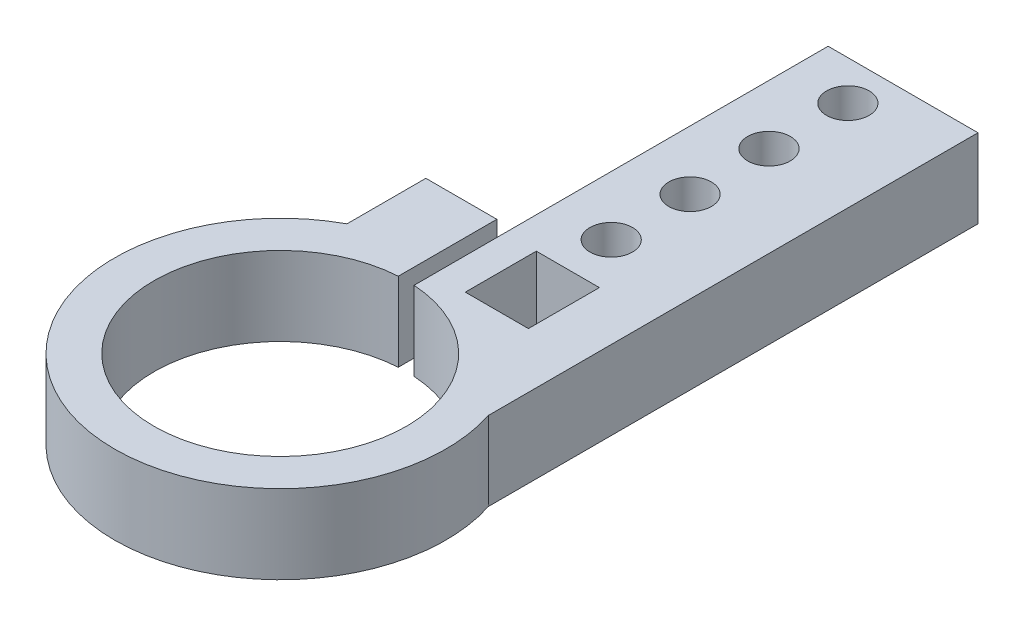
ISO-10303-21;
HEADER;
FILE_DESCRIPTION(('STEP AP214'),'2;1');
FILE_NAME('part.step','',(''),(''),'','','');
FILE_SCHEMA(('AUTOMOTIVE_DESIGN { 1 0 10303 214 1 1 1 1 }'));
ENDSEC;
DATA;
#1=APPLICATION_CONTEXT('core data for automotive mechanical design processes');
#2=APPLICATION_PROTOCOL_DEFINITION('international standard','automotive_design',2000,#1);
#3=PRODUCT_CONTEXT('',#1,'mechanical');
#4=PRODUCT('Part','Part','',(#3));
#5=PRODUCT_RELATED_PRODUCT_CATEGORY('part','',(#4));
#6=PRODUCT_DEFINITION_FORMATION('','',#4);
#7=PRODUCT_DEFINITION_CONTEXT('part definition',#1,'design');
#8=PRODUCT_DEFINITION('design','',#6,#7);
#9=PRODUCT_DEFINITION_SHAPE('','',#8);
#10=(LENGTH_UNIT() NAMED_UNIT(*) SI_UNIT(.MILLI.,.METRE.));
#11=(NAMED_UNIT(*) PLANE_ANGLE_UNIT() SI_UNIT($,.RADIAN.));
#12=(NAMED_UNIT(*) SI_UNIT($,.STERADIAN.) SOLID_ANGLE_UNIT());
#13=UNCERTAINTY_MEASURE_WITH_UNIT(LENGTH_MEASURE(1.E-05),#10,'distance_accuracy_value','');
#14=(GEOMETRIC_REPRESENTATION_CONTEXT(3) GLOBAL_UNCERTAINTY_ASSIGNED_CONTEXT((#13)) GLOBAL_UNIT_ASSIGNED_CONTEXT((#10,
#11,#12)) REPRESENTATION_CONTEXT('',''));
#15=CARTESIAN_POINT('',(0.,0.,0.));
#16=DIRECTION('',(0.,0.,1.));
#17=DIRECTION('',(1.,0.,0.));
#18=AXIS2_PLACEMENT_3D('',#15,#16,#17);
#19=CARTESIAN_POINT('',(0.,12.7,0.));
#20=DIRECTION('',(0.,-1.,0.));
#21=DIRECTION('',(0.,0.,-1.));
#22=AXIS2_PLACEMENT_3D('',#19,#20,#21);
#23=CYLINDRICAL_SURFACE('',#22,26.67);
#24=DIRECTION('',(0.,-1.,0.));
#25=VECTOR('',#24,1.);
#26=CARTESIAN_POINT('',(25.4,12.7,-8.13196778153974));
#27=LINE('',#26,#25);
#28=CARTESIAN_POINT('',(25.4,0.,-8.13196778153973));
#29=VERTEX_POINT('',#28);
#30=CARTESIAN_POINT('',(25.4,12.7,-8.13196778153973));
#31=VERTEX_POINT('',#30);
#32=EDGE_CURVE('E175',#29,#31,#27,.F.);
#33=ORIENTED_EDGE('',*,*,#32,.T.);
#34=CARTESIAN_POINT('',(0.,12.7,0.));
#35=DIRECTION('',(0.,1.,0.));
#36=DIRECTION('',(0.,0.,1.));
#37=AXIS2_PLACEMENT_3D('',#34,#35,#36);
#38=CIRCLE('',#37,26.67);
#39=CARTESIAN_POINT('',(-12.7,12.7,-23.4520553470266));
#40=VERTEX_POINT('',#39);
#41=EDGE_CURVE('E40',#40,#31,#38,.T.);
#42=ORIENTED_EDGE('',*,*,#41,.F.);
#43=DIRECTION('',(0.,-1.,0.));
#44=VECTOR('',#43,1.);
#45=CARTESIAN_POINT('',(-12.7,12.7,-23.4520553470266));
#46=LINE('',#45,#44);
#47=CARTESIAN_POINT('',(-12.7,0.,-23.4520553470266));
#48=VERTEX_POINT('',#47);
#49=EDGE_CURVE('E212',#40,#48,#46,.T.);
#50=ORIENTED_EDGE('',*,*,#49,.T.);
#51=CARTESIAN_POINT('',(0.,0.,0.));
#52=DIRECTION('',(0.,1.,0.));
#53=DIRECTION('',(0.,0.,1.));
#54=AXIS2_PLACEMENT_3D('',#51,#52,#53);
#55=CIRCLE('',#54,26.67);
#56=EDGE_CURVE('E219',#48,#29,#55,.T.);
#57=ORIENTED_EDGE('',*,*,#56,.T.);
#58=EDGE_LOOP('',(#33,#42,#50,#57));
#59=FACE_BOUND('',#58,.T.);
#60=ADVANCED_FACE('F33',(#59),#23,.T.);
#61=CARTESIAN_POINT('',(0.,12.7,0.));
#62=DIRECTION('',(0.,1.,0.));
#63=DIRECTION('',(0.,0.,1.));
#64=AXIS2_PLACEMENT_3D('',#61,#62,#63);
#65=PLANE('',#64);
#66=CARTESIAN_POINT('',(10.7950000000001,12.7,-67.9020553470266));
#67=DIRECTION('',(0.,1.,0.));
#68=DIRECTION('',(0.,0.,1.));
#69=AXIS2_PLACEMENT_3D('',#66,#67,#68);
#70=CIRCLE('',#69,3.42900000000001);
#71=CARTESIAN_POINT('',(10.7950000000001,12.7,-64.4730553470266));
#72=VERTEX_POINT('',#71);
#73=EDGE_CURVE('E150',#72,#72,#70,.T.);
#74=ORIENTED_EDGE('',*,*,#73,.F.);
#75=EDGE_LOOP('',(#74));
#76=FACE_BOUND('',#75,.T.);
#77=DIRECTION('',(1.,0.,0.));
#78=VECTOR('',#77,1.);
#79=CARTESIAN_POINT('',(6.35,12.7,-23.4520553470266));
#80=LINE('',#79,#78);
#81=CARTESIAN_POINT('',(6.35,12.7,-23.4520553470266));
#82=VERTEX_POINT('',#81);
#83=CARTESIAN_POINT('',(16.51,12.7,-23.4520553470266));
#84=VERTEX_POINT('',#83);
#85=EDGE_CURVE('E128',#82,#84,#80,.T.);
#86=ORIENTED_EDGE('',*,*,#85,.F.);
#87=DIRECTION('',(0.,0.,1.));
#88=VECTOR('',#87,1.);
#89=CARTESIAN_POINT('',(6.35,12.7,-34.8820553470266));
#90=LINE('',#89,#88);
#91=CARTESIAN_POINT('',(6.35,12.7,-34.8820553470266));
#92=VERTEX_POINT('',#91);
#93=EDGE_CURVE('E120',#92,#82,#90,.T.);
#94=ORIENTED_EDGE('',*,*,#93,.F.);
#95=DIRECTION('',(-1.,0.,0.));
#96=VECTOR('',#95,1.);
#97=CARTESIAN_POINT('',(6.35,12.7,-34.8820553470266));
#98=LINE('',#97,#96);
#99=CARTESIAN_POINT('',(16.51,12.7,-34.8820553470266));
#100=VERTEX_POINT('',#99);
#101=EDGE_CURVE('E144',#100,#92,#98,.T.);
#102=ORIENTED_EDGE('',*,*,#101,.F.);
#103=DIRECTION('',(0.,0.,-1.));
#104=VECTOR('',#103,1.);
#105=CARTESIAN_POINT('',(16.51,12.7,-34.8820553470266));
#106=LINE('',#105,#104);
#107=EDGE_CURVE('E142',#84,#100,#106,.T.);
#108=ORIENTED_EDGE('',*,*,#107,.F.);
#109=EDGE_LOOP('',(#86,#94,#102,#108));
#110=FACE_BOUND('',#109,.T.);
#111=CARTESIAN_POINT('',(10.7950000000003,12.7,-55.2020553470266));
#112=DIRECTION('',(0.,1.,0.));
#113=DIRECTION('',(0.,0.,1.));
#114=AXIS2_PLACEMENT_3D('',#111,#112,#113);
#115=CIRCLE('',#114,3.42900000000001);
#116=CARTESIAN_POINT('',(10.7950000000003,12.7,-51.7730553470266));
#117=VERTEX_POINT('',#116);
#118=EDGE_CURVE('E416',#117,#117,#115,.T.);
#119=ORIENTED_EDGE('',*,*,#118,.F.);
#120=EDGE_LOOP('',(#119));
#121=FACE_BOUND('',#120,.T.);
#122=CARTESIAN_POINT('',(10.7950000000004,12.7,-42.5020553470266));
#123=DIRECTION('',(0.,1.,0.));
#124=DIRECTION('',(0.,0.,1.));
#125=AXIS2_PLACEMENT_3D('',#122,#123,#124);
#126=CIRCLE('',#125,3.42900000000001);
#127=CARTESIAN_POINT('',(10.7950000000004,12.7,-39.0730553470266));
#128=VERTEX_POINT('',#127);
#129=EDGE_CURVE('E425',#128,#128,#126,.T.);
#130=ORIENTED_EDGE('',*,*,#129,.F.);
#131=EDGE_LOOP('',(#130));
#132=FACE_BOUND('',#131,.T.);
#133=CARTESIAN_POINT('',(10.795,12.7,-80.6020553470266));
#134=DIRECTION('',(0.,1.,0.));
#135=DIRECTION('',(0.,0.,1.));
#136=AXIS2_PLACEMENT_3D('',#133,#134,#135);
#137=CIRCLE('',#136,3.42900000000001);
#138=CARTESIAN_POINT('',(10.795,12.7,-77.1730553470266));
#139=VERTEX_POINT('',#138);
#140=EDGE_CURVE('E160',#139,#139,#137,.T.);
#141=ORIENTED_EDGE('',*,*,#140,.F.);
#142=EDGE_LOOP('',(#141));
#143=FACE_BOUND('',#142,.T.);
#144=ORIENTED_EDGE('',*,*,#41,.T.);
#145=DIRECTION('',(0.,0.,1.));
#146=VECTOR('',#145,1.);
#147=CARTESIAN_POINT('',(25.4,12.7,-36.1520553470266));
#148=LINE('',#147,#146);
#149=CARTESIAN_POINT('',(25.4,12.7,-86.9520553470266));
#150=VERTEX_POINT('',#149);
#151=EDGE_CURVE('E179',#150,#31,#148,.T.);
#152=ORIENTED_EDGE('',*,*,#151,.F.);
#153=DIRECTION('',(-1.,0.,0.));
#154=VECTOR('',#153,1.);
#155=CARTESIAN_POINT('',(25.4,12.7,-86.9520553470266));
#156=LINE('',#155,#154);
#157=CARTESIAN_POINT('',(1.27,12.7,-86.9520553470266));
#158=VERTEX_POINT('',#157);
#159=EDGE_CURVE('E163',#150,#158,#156,.T.);
#160=ORIENTED_EDGE('',*,*,#159,.T.);
#161=DIRECTION('',(0.,0.,-1.));
#162=VECTOR('',#161,1.);
#163=CARTESIAN_POINT('',(1.27,12.7,-1.43164468337886));
#164=LINE('',#163,#162);
#165=CARTESIAN_POINT('',(1.27,12.7,-20.2802736667926));
#166=VERTEX_POINT('',#165);
#167=EDGE_CURVE('E185',#166,#158,#164,.T.);
#168=ORIENTED_EDGE('',*,*,#167,.F.);
#169=CARTESIAN_POINT('',(0.,12.7,0.));
#170=DIRECTION('',(0.,1.,0.));
#171=DIRECTION('',(0.,0.,1.));
#172=AXIS2_PLACEMENT_3D('',#169,#170,#171);
#173=CIRCLE('',#172,20.32);
#174=CARTESIAN_POINT('',(-1.27,12.7,-20.2802736667926));
#175=VERTEX_POINT('',#174);
#176=EDGE_CURVE('E216',#175,#166,#173,.T.);
#177=ORIENTED_EDGE('',*,*,#176,.F.);
#178=DIRECTION('',(0.,0.,1.));
#179=VECTOR('',#178,1.);
#180=CARTESIAN_POINT('',(-1.27,12.7,-1.43164468337886));
#181=LINE('',#180,#179);
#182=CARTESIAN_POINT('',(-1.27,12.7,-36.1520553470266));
□ □ □ □
Your answer should hold exactly the lines from the one containing "#149=CARTESIAN_POINT('',(25.4,12.7,-86.9520553470266));" through the end of the entries above, and nothing else.

* Response to the task:
#149=CARTESIAN_POINT('',(25.4,12.7,-86.9520553470266));
#150=VERTEX_POINT('',#149);
#151=EDGE_CURVE('E179',#150,#31,#148,.T.);
#152=ORIENTED_EDGE('',*,*,#151,.F.);
#153=DIRECTION('',(-1.,0.,0.));
#154=VECTOR('',#153,1.);
#155=CARTESIAN_POINT('',(25.4,12.7,-86.9520553470266));
#156=LINE('',#155,#154);
#157=CARTESIAN_POINT('',(1.27,12.7,-86.9520553470266));
#158=VERTEX_POINT('',#157);
#159=EDGE_CURVE('E163',#150,#158,#156,.T.);
#160=ORIENTED_EDGE('',*,*,#159,.T.);
#161=DIRECTION('',(0.,0.,-1.));
#162=VECTOR('',#161,1.);
#163=CARTESIAN_POINT('',(1.27,12.7,-1.43164468337886));
#164=LINE('',#163,#162);
#165=CARTESIAN_POINT('',(1.27,12.7,-20.2802736667926));
#166=VERTEX_POINT('',#165);
#167=EDGE_CURVE('E185',#166,#158,#164,.T.);
#168=ORIENTED_EDGE('',*,*,#167,.F.);
#169=CARTESIAN_POINT('',(0.,12.7,0.));
#170=DIRECTION('',(0.,1.,0.));
#171=DIRECTION('',(0.,0.,1.));
#172=AXIS2_PLACEMENT_3D('',#169,#170,#171);
#173=CIRCLE('',#172,20.32);
#174=CARTESIAN_POINT('',(-1.27,12.7,-20.2802736667926));
#175=VERTEX_POINT('',#174);
#176=EDGE_CURVE('E216',#175,#166,#173,.T.);
#177=ORIENTED_EDGE('',*,*,#176,.F.);
#178=DIRECTION('',(0.,0.,1.));
#179=VECTOR('',#178,1.);
#180=CARTESIAN_POINT('',(-1.27,12.7,-1.43164468337886));
#181=LINE('',#180,#179);
#182=CARTESIAN_POINT('',(-1.27,12.7,-36.1520553470266));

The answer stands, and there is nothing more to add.